SCOUNDREL TIME, INDEED


Shortly after Anthony Lake withdrew his nomination to become the CIA director, Anthony Lewis of the New York Times wrote an extraordinary column, titled “Again, Scoundrel Time,” in which he accused senators who opposed Lake’s confirmation of McCarthyism. In describing the unraveling of the nomination, Lewis wrote — using the passive voice, though the piece was harshly ad hominem — “Then it was suggested that Mr. Lake was unpatriotic because he had resigned from [Henry] Kissinger’s staff over the 1970 invasion of Cambodia.” Who, we wondered, made such a suggestion?

Reached on the telephone, Lewis said that he had in mind Sen.
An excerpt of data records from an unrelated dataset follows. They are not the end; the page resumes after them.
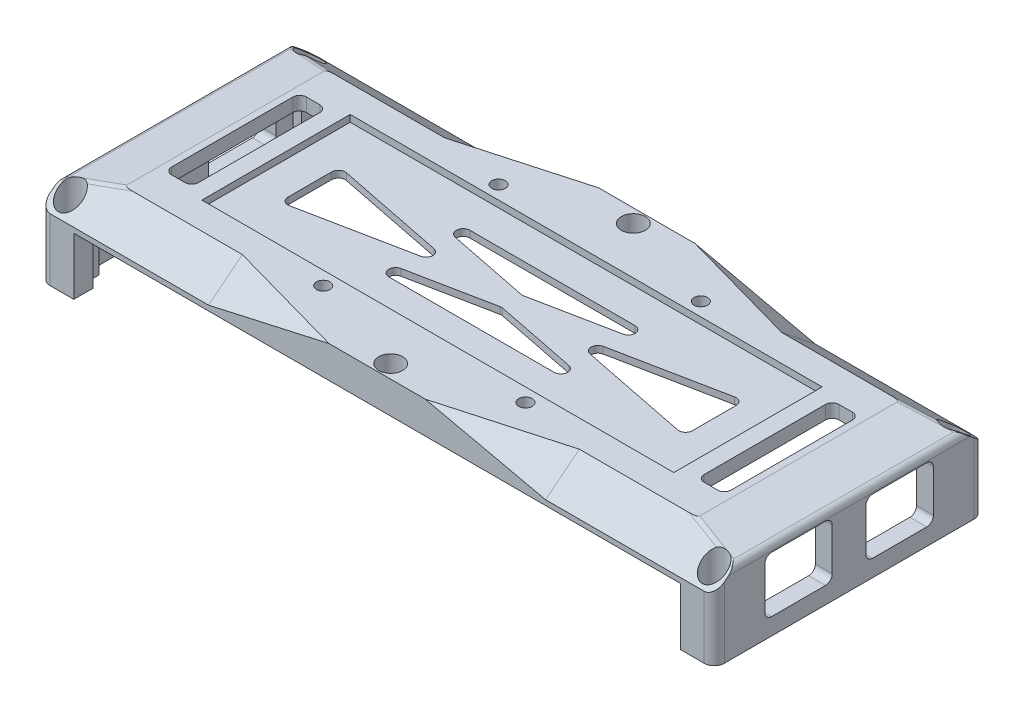
from build123d import *
from OCP.BRepFilletAPI import BRepFilletAPI_MakeChamfer

# Parameters (mm, degrees)
SKETCH_1_W               = 180
SKETCH_1_H               = 60
EXTRUDE_2_DEPTH          = 2
EXTRUDE_5_DEPTH          = 3.5
SKETCH_8_W               = 200
SKETCH_8_H               = 80
EXTRUDE_6_DEPTH          = 4
CHAMFER_4_SIZE           = 3
CHAMFER_4_SIZE2          = 15
SKETCH_10_W              = 10
SKETCH_10_H              = 80
EXTRUDE_7_DEPTH          = 17
CUT_EXTRUDE_1_DEPTH      = 110.636900722
CUT_EXTRUDE_1_DEPTH_BACK = 110.636900722
SKETCH_9_R               = 2
SKETCH_11_R              = 3.55
CUT_EXTRUDE_2_DEPTH      = 25
FILLET_1_R               = 3
SKETCH_12_R              = 3.55
CUT_EXTRUDE_3_DEPTH      = 5
CUT_EXTRUDE_4_DEPTH      = 110.636900722
CUT_EXTRUDE_4_DEPTH_BACK = 110.636900722
SKETCH_13_W              = 20
SKETCH_13_H              = 16.5
SKETCH_14_W              = 140
SKETCH_14_H              = 44
CUT_EXTRUDE_7_DEPTH      = 2
SKETCH_15_W              = 8
SKETCH_15_H              = 40
CUT_EXTRUDE_8_DEPTH      = 111.915508384
SKETCH_9_5_R             = 2
CUT_EXTRUDE_9_DEPTH      = 6
CUT_EXTRUDE_START        = -90
CUT_EXTRUDE_11_DEPTH     = 295.988414307
CHAMFER_3_SIZE           = 7
CHAMFER_3_SIZE_2         = 40
CHAMFER_5_SIZE           = 7
CHAMFER_5_SIZE_2         = 40
FILLET_2_R               = 2
SKETCH_18_W              = 29
SKETCH_18_H              = 13.5
CUT_EXTRUDE_12_DEPTH     = 92.5
SKETCH_19_W              = 5
SKETCH_19_H              = 60
CUT_EXTRUDE_13_DEPTH     = 22.5


with BuildPart() as part:
    # 草圖1 → 填料-伸長2 (new body)
    with BuildSketch(Plane(origin=(0, 0, 0), x_dir=(1, 0, 0), z_dir=(0, 1, 0))):
        Polygon((-100, -40), (100, -40), (100, -20), (100, 0), (100, 40), (-100, 40), align=None)
        Rectangle(SKETCH_1_W, SKETCH_1_H, mode=Mode.SUBTRACT)
    extrude(amount=EXTRUDE_2_DEPTH)

    # 草圖7 → 填料-伸長5 (add)
    with BuildSketch(Plane.XZ):
        Polygon((-100, 40), (-30, 40), (30, 40), (100, 40), (100, -40), (30, -40), (-30, -40), (-100, -40), align=None)
        Polygon((-30, -30), (30, -30), (90, -30), (90, 30), (30, 30), (-30, 30), (-90, 30), (-90, -30), align=None, mode=Mode.SUBTRACT)
    extrude(amount=EXTRUDE_5_DEPTH)

    # 草圖8 → 填料-伸長6 (add)
    with BuildSketch(Plane(origin=(0, 2, 0), x_dir=(1, 0, 0), z_dir=(0, 1, 0))):
        Rectangle(SKETCH_8_W, SKETCH_8_H)
    extrude(amount=EXTRUDE_6_DEPTH)

    # 導角4: one chamfer whose edges measure the first distance from different faces: ONE call of the kernel's chamfer builder (chamfer() names one face for all edges)
    chamfer_4_edges_1 = [part.edges().sort_by_distance(p)[0] for p in [
        (-100, 6, 0),
    ]]
    chamfer_4_side_1 = [part.faces().sort_by_distance(p)[0] for p in [
        (-100, 1.25, 0),
    ]]
    chamfer_4_edges_2 = [part.edges().sort_by_distance(p)[0] for p in [
        (100, 6, 0),
    ]]
    chamfer_4_side_2 = [part.faces().sort_by_distance(p)[0] for p in [
        (100, 1.25, 0),
    ]]
    chamfer_4 = BRepFilletAPI_MakeChamfer(part.part.solid().wrapped)
    for e in chamfer_4_edges_1:
        chamfer_4.Add(CHAMFER_4_SIZE, CHAMFER_4_SIZE2, e.wrapped, chamfer_4_side_1[0].wrapped)  # the first distance lies on this face
    for e in chamfer_4_edges_2:
        chamfer_4.Add(CHAMFER_4_SIZE, CHAMFER_4_SIZE2, e.wrapped, chamfer_4_side_2[0].wrapped)  # the first distance lies on this face
    add(Compound.cast(chamfer_4.Shape()), mode=Mode.REPLACE)

    # 草圖10 → 填料-伸長7 (add)
    with BuildSketch(Plane.XZ.offset(3.5)):
        with Locations((-95, 0)):
            Rectangle(SKETCH_10_W, SKETCH_10_H)
        with Locations((95, 0)):
            Rectangle(SKETCH_10_W, SKETCH_10_H)
    extrude(amount=EXTRUDE_7_DEPTH)

    # 草圖9 → 除料-伸長1 (cut, two sides: drawn at the far end of the back side and taken through both)
    with BuildSketch(Plane(origin=(0, 0, 0), x_dir=(1, 0, 0), z_dir=(0, 1, 0)).offset(-CUT_EXTRUDE_1_DEPTH_BACK)):
        with Locations(Location((95.5, 35.5, 0), (0, 0, 270))):
            Circle(SKETCH_9_R)
        with Locations((-95.5, 35.5)):
            Circle(SKETCH_9_R)
        with Locations(Location((-95.5, -35.5, 0), (0, 0, 270))):
            Circle(SKETCH_9_R)
        with Locations(Location((95.5, -35.5, 0), (0, 0, 180))):
            Circle(SKETCH_9_R)
        with Locations(Location((0, 36, 0), (0, 0, 270))):
            Circle(SKETCH_9_R)
        with Locations(Location((0, -36, 0), (0, 0, 90))):
            Circle(SKETCH_9_R)
    extrude(amount=CUT_EXTRUDE_1_DEPTH + CUT_EXTRUDE_1_DEPTH_BACK, mode=Mode.SUBTRACT)

    # 草圖11 → 除料-伸長2 (cut)
    with BuildSketch(Plane(origin=(0, 6, 0), x_dir=(1, 0, 0), z_dir=(0, 1, 0))):
        with Locations(Location((-95.497380754, 35.5, 0), (0, 0, 270))):
            Circle(SKETCH_11_R)
        with Locations((-95.497380754, -35.5)):
            Circle(SKETCH_11_R)
        with Locations(Location((95.5, -35.5, 0), (0, 0, 270))):
            Circle(SKETCH_11_R)
        with Locations(Location((95.5, 35.5, 0), (0, 0, 180))):
            Circle(SKETCH_11_R)
    extrude(amount=-CUT_EXTRUDE_2_DEPTH, mode=Mode.SUBTRACT)

    # 圓角1
    fillet_1_edges = [part.edges().sort_by_distance(p)[0] for p in [
        (-100, -8.75, 40),
        (100, -8.75, 40),
        (-100, -8.75, -40),
        (100, -8.75, -40),
    ]]
    fillet(fillet_1_edges, radius=FILLET_1_R)

    # 草圖12 → 除料-伸長3 (cut)
    with BuildSketch(Plane(origin=(0, 6, 0), x_dir=(1, 0, 0), z_dir=(0, 1, 0))):
        with Locations(Location((0, 36, 0), (0, 0, 270))):
            Circle(SKETCH_12_R)
        with Locations(Location((0, -36, 0), (0, 0, 270))):
            Circle(SKETCH_12_R)
    extrude(amount=-CUT_EXTRUDE_3_DEPTH, mode=Mode.SUBTRACT)

    # 草圖13 → 除料-伸長4 (cut, two sides: drawn at the far end of the back side and taken through both)
    with BuildSketch(Plane(origin=(0, 0, 0), x_dir=(0, 0, -1), z_dir=(1, 0, 0)).offset(-CUT_EXTRUDE_4_DEPTH_BACK)):
        with Locations((-15, -7.25)):
            Rectangle(SKETCH_13_W, SKETCH_13_H)
        with Locations((15, -7.25)):
            Rectangle(SKETCH_13_W, SKETCH_13_H)
    extrude(amount=CUT_EXTRUDE_4_DEPTH + CUT_EXTRUDE_4_DEPTH_BACK, mode=Mode.SUBTRACT)

    # 草圖14 → 除料-伸長7 (cut)
    with BuildSketch(Plane(origin=(0, 6, 0), x_dir=(1, 0, 0), z_dir=(0, 1, 0))):
        Rectangle(SKETCH_14_W, SKETCH_14_H)
    extrude(amount=-CUT_EXTRUDE_7_DEPTH, mode=Mode.SUBTRACT)

    # 草圖15 → 除料-伸長8 (cut, through all)
    with BuildSketch(Plane(origin=(0, 6, 0), x_dir=(1, 0, 0), z_dir=(0, 1, 0))):
        with Locations((-79, 0)):
            Rectangle(SKETCH_15_W, SKETCH_15_H)
        with Locations((79, 0)):
            Rectangle(SKETCH_15_W, SKETCH_15_H)
        Polygon((-44.702941459, -12), (44.702941459, -12), (0, -3.059411708), align=None)
        Polygon((-60, -8.940588292), (-60, 8.940588292), (-15.297058541, 0), align=None)
        Polygon((-44.702941459, 12), (44.702941459, 12), (0, 3.059411708), align=None)
        Polygon((60, -8.940588292), (60, 8.940588292), (15.297058541, 0), align=None)
    extrude(amount=-CUT_EXTRUDE_8_DEPTH, mode=Mode.SUBTRACT)

    # 草圖9<5> → 除料-伸長9 (cut)
    with BuildSketch(Plane(origin=(0, 0, 0), x_dir=(1, 0, 0), z_dir=(0, 1, 0))):
        with Locations(Location((30, 26, 0), (0, 0, 270))):
            Circle(SKETCH_9_5_R)
        with Locations(Location((-30, 26, 0), (0, 0, 90))):
            Circle(SKETCH_9_5_R)
        with Locations(Location((30, -26, 0), (0, 0, 90))):
            Circle(SKETCH_9_5_R)
        with Locations(Location((-30, -26, 0), (0, 0, 270))):
            Circle(SKETCH_9_5_R)
    extrude(amount=CUT_EXTRUDE_9_DEPTH, mode=Mode.SUBTRACT)

    # 草圖17 → 除料-伸長11 (cut)
    with BuildSketch(Plane(origin=(100, 0, 0), x_dir=(0, 0, -1), z_dir=(1, 0, 0)).offset(CUT_EXTRUDE_START)):
        Polygon((-40, -2), (-30, 6), (-40, 6), align=None)
        Polygon((30, 6), (40, 6), (40, -2), align=None)
    cut_extrude_11 = extrude(amount=CUT_EXTRUDE_11_DEPTH, mode=Mode.SUBTRACT)

    # 鏡射1: 除料-伸長11 across plane
    add(cut_extrude_11.mirror(Plane(origin=(0, 0, 0), x_dir=(0, 0, 1), z_dir=(1, 0, 0))), mode=Mode.SUBTRACT)

    # 導角3
    # the kernel refuses this chamfer: 40, 7 mm, written as the material it adds along each edge
    with BuildSketch(Plane(origin=(-10, -66.932308088, 121.16538511), x_dir=(0, 0.7808688094430304, 0.6246950475544243), z_dir=(0, 0.6246950475544243, -0.7808688094430304))) as chamfer_3_piece_1_section:
        Polygon((CHAMFER_3_SIZE, 0), (0, -CHAMFER_3_SIZE_2), (0, 0), align=None)
    chamfer_3_piece_1 = extrude(amount=220.691066331, mode=Mode.PRIVATE)
    chamfer_3_piece_1 = split(chamfer_3_piece_1, bisect_by=Plane(origin=(-10, -66.932308088, 40), z_dir=(0, 0, -1)), keep=Keep.TOP, mode=Mode.PRIVATE)
    chamfer_3_piece_1 = split(chamfer_3_piece_1, bisect_by=Plane(origin=(-10, 6, 121.16538511), z_dir=(0, -1, 0)), keep=Keep.TOP, mode=Mode.PRIVATE)
    add(chamfer_3_piece_1)
    with BuildSketch(Plane(origin=(-10, -66.932308088, -121.16538511), x_dir=(0, 0.7808688094430304, -0.6246950475544243), z_dir=(0, 0.6246950475544243, 0.7808688094430304))) as chamfer_3_piece_2_section:
        Polygon((CHAMFER_3_SIZE, 0), (0, CHAMFER_3_SIZE_2), (0, 0), align=None)
    chamfer_3_piece_2 = extrude(amount=220.691066331, mode=Mode.PRIVATE)
    chamfer_3_piece_2 = split(chamfer_3_piece_2, bisect_by=Plane(origin=(-10, 6, -121.16538511), z_dir=(0, -1, 0)), keep=Keep.TOP, mode=Mode.PRIVATE)
    chamfer_3_piece_2 = split(chamfer_3_piece_2, bisect_by=Plane(origin=(-10, -66.932308088, -40), z_dir=(0, 0, 1)), keep=Keep.TOP, mode=Mode.PRIVATE)
    add(chamfer_3_piece_2)

    # 導角5
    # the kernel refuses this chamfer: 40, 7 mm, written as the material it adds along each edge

James Inhofe of Oklahoma, who had questioned Lake about the resignation, and perhaps the committee’s chairman, Sen. Richard Shelby of Alabama. Did we doubt that Lake’s patriotism had been impugned, the columnist asked? Well, yes we did. Lewis responded that a reading of the transcript would confirm the justice of his charge.

It does not. Shelby did not discuss the resignation, and Inhofe brought it up, not to call Lake a traitor, but to probe whether Lake’s “strongly, even passionately held policy views” made him fit to act as a neutral purveyor of intelligence to the president. Inhofe also mentioned that Lake had written that he had joined a demonstration against the war on the day before he resigned; Inhofe added, “I [myself] demonstrated on different things.” The context suggests that Inhofe was accusing Lake, not of treason, but of advocacy.

Oh, by the way, Scoundrel Time was the late Stalinist Lillian Hellman’s deeply dishonest and self-serving memoir of the 1950s.